Cling: Running C++ in an interpreter - coldgrnd
http://blog.coldflake.com/posts/2012-08-09-On-the-fly-C%2B%2B.html
======
sedachv
To provide more precedents and a little history:

The first C "interpreters" I know of were for Lisp machines: Symbolics' C
compiler
([http://www.bitsavers.org/pdf/symbolics/software/genera_8/Use...](http://www.bitsavers.org/pdf/symbolics/software/genera_8/User_s_Guide_to_Symbolics_C.pdf))
and Scott Burson's (hn user ScottBurson) ZetaC for TI Explorers/LMIs and
Symbolics 3600s (now available under the public domain:
<http://www.bitsavers.org/bits/TI/Explorer/zeta-c/>). Neither of them are
interpreters, just "interactive" compilers like Lisp ones are.

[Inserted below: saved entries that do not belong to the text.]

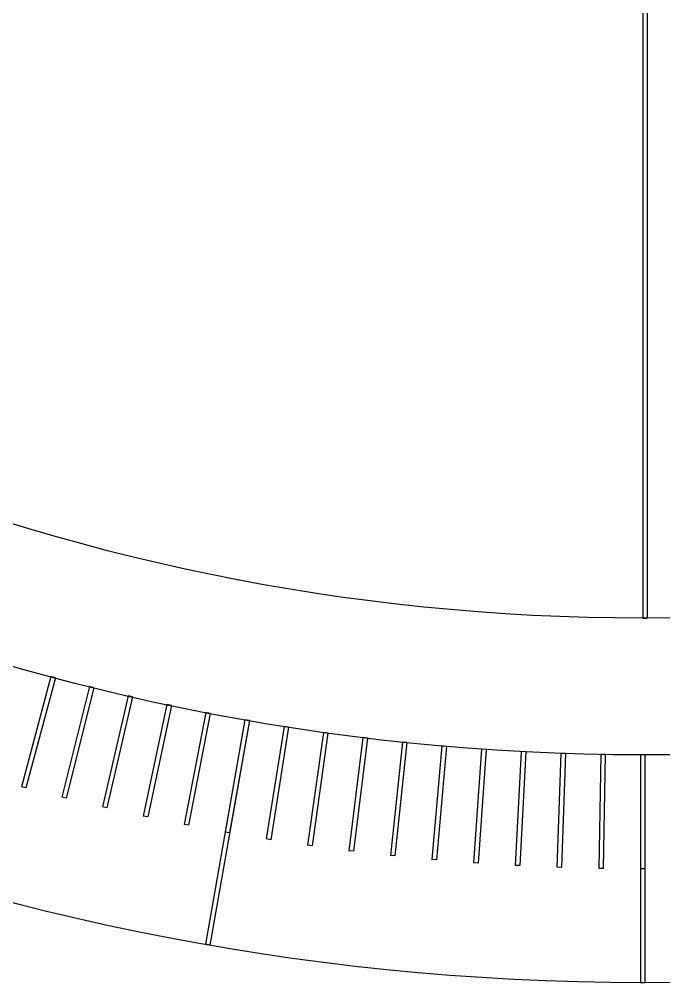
# Model space of a CAD drawing. Header units: millimetres. Extents: x -110 to 110, y -110 to 110.
# Drawn here: x -27.37 to 0.92, y -110 to -67.72 of the extents above; entities that cross this region are included whole.
import ezdxf

# ---------------------------------------------------------------- set-up
doc = ezdxf.new("R2010")
doc.units = ezdxf.units.MM
for name, color, linetype in [('Array', 7, 'CONTINUOUS'), ('Array001', 7, 'CONTINUOUS'), ('Array008', 7, 'CONTINUOUS'), ('Cylinder001', 7, 'CONTINUOUS'), ('Tube003', 7, 'CONTINUOUS')]:
    doc.layers.add(name, color=color, linetype=linetype)

msp = doc.modelspace()

# ---------------------------------------------------------------- linework, layer by layer
at = {"layer": 'Array'}
for p, q in [((-17.4633, -98.4634, 1.7), (-19.1998, -108.311, 1.7)), ((-17.4633, -98.4634, 1.5), (-19.1998, -108.311, 1.5)), ((-17.4633, -98.4634, 1.5), (-19.1998, -108.311, 1.5)), ((-17.4633, -98.4634, 1.7), (-19.1998, -108.311, 1.7)), ((-17.2663, -98.4981, 1.7), (-19.0028, -108.346, 1.7)), ((-17.2663, -98.4981, 1.5), (-19.0028, -108.346, 1.5)), ((-17.2663, -98.4981, 1.5), (-19.0028, -108.346, 1.5)), ((-17.2663, -98.4981, 1.7), (-19.0028, -108.346, 1.7)), ((-17.4633, -98.4634, 1.5), (-17.4633, -98.4634, 1.7)), ((-17.2663, -98.4981, 1.5), (-17.4633, -98.4634, 1.5)), ((-17.4633, -98.4634, 1.5), (-17.4633, -98.4634, 1.7)), ((-17.2663, -98.4981, 1.7), (-17.4633, -98.4634, 1.7)), ((-17.2663, -98.4981, 1.5), (-17.4633, -98.4634, 1.5)), ((-17.2663, -98.4981, 1.7), (-17.4633, -98.4634, 1.7)), ((-17.2663, -98.4981, 1.5), (-17.2663, -98.4981, 1.7)), ((-17.2663, -98.4981, 1.5), (-17.2663, -98.4981, 1.7)), ((-0.1, -100, 1.5), (-0.1, -100, 1.7)), ((-0.1, -100, 1.7), (-0.1, -110, 1.7)), ((-0.1, -100, 1.5), (-0.1, -110, 1.5)), ((0.1, -100, 1.5), (-0.1, -100, 1.5)), ((-0.1, -100, 1.5), (-0.1, -100, 1.7)), ((0.1, -100, 1.7), (-0.1, -100, 1.7)), ((-0.1, -100, 1.5), (-0.1, -110, 1.5)), ((0.1, -100, 1.5), (-0.1, -100, 1.5)), ((-0.1, -100, 1.7), (-0.1, -110, 1.7)), ((0.1, -100, 1.7), (-0.1, -100, 1.7)), ((0.1, -100, 1.5), (0.1, -100, 1.7)), ((0.1, -100, 1.7), (0.1, -110, 1.7)), ((0.1, -100, 1.5), (0.1, -110, 1.5)), ((0.1, -100, 1.5), (0.1, -100, 1.7)), ((0.1, -100, 1.5), (0.1, -110, 1.5)), ((0.1, -100, 1.7), (0.1, -110, 1.7)), ((-19.1998, -108.311, 1.5), (-19.1998, -108.311, 1.7)), ((-19.0028, -108.346, 1.5), (-19.1998, -108.311, 1.5)), ((-19.1998, -108.311, 1.5), (-19.1998, -108.311, 1.7)), ((-19.0028, -108.346, 1.7), (-19.1998, -108.311, 1.7)), ((-19.0028, -108.346, 1.5), (-19.1998, -108.311, 1.5)), ((-19.0028, -108.346, 1.7), (-19.1998, -108.311, 1.7)), ((-19.0028, -108.346, 1.5), (-19.0028, -108.346, 1.7)), ((-19.0028, -108.346, 1.5), (-19.0028, -108.346, 1.7)), ((-0.1, -110, 1.5), (-0.1, -110, 1.7)), ((0.1, -110, 1.5), (-0.1, -110, 1.5)), ((-0.1, -110, 1.5), (-0.1, -110, 1.7)), ((0.1, -110, 1.7), (-0.1, -110, 1.7)), ((0.1, -110, 1.5), (-0.1, -110, 1.5)), ((0.1, -110, 1.7), (-0.1, -110, 1.7)), ((0.1, -110, 1.5), (0.1, -110, 1.7)), ((0.1, -110, 1.5), (0.1, -110, 1.7))]:
    msp.add_line(p, q, dxfattribs=at)
at = {"layer": 'Array001'}
for p, q in [((-25.9785, -96.5667, 1.7), (-27.2726, -101.396, 1.7)), ((-25.9785, -96.5667, 1.5), (-27.2726, -101.396, 1.5)), ((-25.9785, -96.5667, 1.5), (-27.2726, -101.396, 1.5)), ((-25.9785, -96.5667, 1.7), (-27.2726, -101.396, 1.7)), ((-25.7853, -96.6185, 1.7), (-27.0794, -101.448, 1.7)), ((-25.7853, -96.6185, 1.5), (-27.0794, -101.448, 1.5)), ((-25.7853, -96.6185, 1.5), (-27.0794, -101.448, 1.5)), ((-25.7853, -96.6185, 1.7), (-27.0794, -101.448, 1.7)), ((-25.9785, -96.5667, 1.5), (-25.9785, -96.5667, 1.7)), ((-25.7853, -96.6185, 1.5), (-25.9785, -96.5667, 1.5)), ((-25.9785, -96.5667, 1.5), (-25.9785, -96.5667, 1.7)), ((-25.7853, -96.6185, 1.7), (-25.9785, -96.5667, 1.7)), ((-25.7853, -96.6185, 1.5), (-25.9785, -96.5667, 1.5)), ((-25.7853, -96.6185, 1.7), (-25.9785, -96.5667, 1.7)), ((-25.7853, -96.6185, 1.5), (-25.7853, -96.6185, 1.7)), ((-25.7853, -96.6185, 1.5), (-25.7853, -96.6185, 1.7)), ((-24.2892, -97.0054, 1.7), (-25.4988, -101.857, 1.7)), ((-24.2892, -97.0054, 1.5), (-25.4988, -101.857, 1.5)), ((-24.2892, -97.0054, 1.5), (-25.4988, -101.857, 1.5)), ((-24.2892, -97.0054, 1.7), (-25.4988, -101.857, 1.7)), ((-24.0952, -97.0538, 1.7), (-25.3048, -101.905, 1.7)), ((-24.0952, -97.0538, 1.5), (-25.3048, -101.905, 1.5)), ((-24.0952, -97.0538, 1.5), (-25.3048, -101.905, 1.5)), ((-24.0952, -97.0538, 1.7), (-25.3048, -101.905, 1.7)), ((-24.2892, -97.0054, 1.5), (-24.2892, -97.0054, 1.7)), ((-24.0952, -97.0538, 1.5), (-24.2892, -97.0054, 1.5)), ((-24.2892, -97.0054, 1.5), (-24.2892, -97.0054, 1.7)), ((-24.0952, -97.0538, 1.7), (-24.2892, -97.0054, 1.7)), ((-24.0952, -97.0538, 1.5), (-24.2892, -97.0054, 1.5)), ((-24.0952, -97.0538, 1.7), (-24.2892, -97.0054, 1.7)), ((-24.0952, -97.0538, 1.5), (-24.0952, -97.0538, 1.7)), ((-24.0952, -97.0538, 1.5), (-24.0952, -97.0538, 1.7)), ((-22.5925, -97.4145, 1.7), (-23.7173, -102.286, 1.7)), ((-22.5925, -97.4145, 1.5), (-23.7173, -102.286, 1.5)), ((-22.5925, -97.4145, 1.5), (-23.7173, -102.286, 1.5)), ((-22.5925, -97.4145, 1.7), (-23.7173, -102.286, 1.7)), ((-22.3977, -97.4595, 1.7), (-23.5224, -102.331, 1.7)), ((-22.3977, -97.4595, 1.5), (-23.5224, -102.331, 1.5)), ((-22.3977, -97.4595, 1.5), (-23.5224, -102.331, 1.5)), ((-22.3977, -97.4595, 1.7), (-23.5224, -102.331, 1.7)), ((-22.5925, -97.4145, 1.5), (-22.5925, -97.4145, 1.7)), ((-22.3977, -97.4595, 1.5), (-22.5925, -97.4145, 1.5)), ((-22.5925, -97.4145, 1.5), (-22.5925, -97.4145, 1.7)), ((-22.3977, -97.4595, 1.7), (-22.5925, -97.4145, 1.7)), ((-22.3977, -97.4595, 1.5), (-22.5925, -97.4145, 1.5)), ((-22.3977, -97.4595, 1.7), (-22.5925, -97.4145, 1.7)), ((-22.3977, -97.4595, 1.5), (-22.3977, -97.4595, 1.7)), ((-22.3977, -97.4595, 1.5), (-22.3977, -97.4595, 1.7)), ((-20.889, -97.794, 1.7), (-21.9285, -102.685, 1.7)), ((-20.889, -97.794, 1.5), (-21.9285, -102.685, 1.5)), ((-20.889, -97.794, 1.5), (-21.9285, -102.685, 1.5)), ((-20.889, -97.794, 1.7), (-21.9285, -102.685, 1.7)), ((-20.6934, -97.8356, 1.7), (-21.7329, -102.726, 1.7)), ((-20.6934, -97.8356, 1.5), (-21.7329, -102.726, 1.5)), ((-20.6934, -97.8356, 1.5), (-21.7329, -102.726, 1.5)), ((-20.6934, -97.8356, 1.7), (-21.7329, -102.726, 1.7)), ((-20.889, -97.794, 1.5), (-20.889, -97.794, 1.7)), ((-20.6934, -97.8356, 1.5), (-20.889, -97.794, 1.5)), ((-20.889, -97.794, 1.5), (-20.889, -97.794, 1.7)), ((-20.6934, -97.8356, 1.7), (-20.889, -97.794, 1.7)), ((-20.6934, -97.8356, 1.5), (-20.889, -97.794, 1.5)), ((-20.6934, -97.8356, 1.7), (-20.889, -97.794, 1.7)), ((-20.6934, -97.8356, 1.5), (-20.6934, -97.8356, 1.7)), ((-20.6934, -97.8356, 1.5), (-20.6934, -97.8356, 1.7)), ((-19.1791, -98.1436, 1.7), (-20.1331, -103.052, 1.7)), ((-19.1791, -98.1436, 1.5), (-20.1331, -103.052, 1.5)), ((-19.1791, -98.1436, 1.5), (-20.1331, -103.052, 1.5)), ((-19.1791, -98.1436, 1.7), (-20.1331, -103.052, 1.7)), ((-18.9827, -98.1818, 1.7), (-19.9368, -103.09, 1.7)), ((-18.9827, -98.1818, 1.5), (-19.9368, -103.09, 1.5)), ((-18.9827, -98.1818, 1.5), (-19.9368, -103.09, 1.5)), ((-18.9827, -98.1818, 1.7), (-19.9368, -103.09, 1.7)), ((-19.1791, -98.1436, 1.5), (-19.1791, -98.1436, 1.7)), ((-18.9827, -98.1818, 1.5), (-19.1791, -98.1436, 1.5)), ((-19.1791, -98.1436, 1.5), (-19.1791, -98.1436, 1.7)), ((-18.9827, -98.1818, 1.7), (-19.1791, -98.1436, 1.7)), ((-18.9827, -98.1818, 1.5), (-19.1791, -98.1436, 1.5)), ((-18.9827, -98.1818, 1.7), (-19.1791, -98.1436, 1.7)), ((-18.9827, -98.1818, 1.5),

I am writing a C to Common Lisp translator right now
(<https://github.com/vsedach/Vacietis>). This is surprisingly easy because C
is largely a small subset of Common Lisp. Pointers are trivial to implement
with closures (Oleg explains how: <http://okmij.org/ftp/Scheme/pointer-as-
closure.txt> but I discovered the technique independently around 2004). The
only problem is how to deal with casting arrays of integers (or whatever) to
arrays of bytes. But that's a problem for portable C software anyway. I think
I'll also need a little source fudging magic for setjmp/longjmp. Otherwise the
project is now where you can compile-file/load a C file just like you do a
Lisp file by setting the readtable. There's a few things I need to finish with
#includes, enums, stdlib and the variable-length struct hack, but that should
be done in the next few weeks.

This should also extend to "compiling" C to other languages like JavaScript,
without having to go through the whole "emulate LLVM or MIPS" garbage that
other projects like that do. I think I figured out how to do gotos in
JavaScript by using a trampoline with local CPS-rewriting, which is IMO the
largest challenge for an interoperable C->JS translator.

As to how to do this for C++, don't ask me. According to the CERN people, CINT
has "slightly less than 400,000 lines of code."
(<http://root.cern.ch/drupal/content/cint>). What a joke.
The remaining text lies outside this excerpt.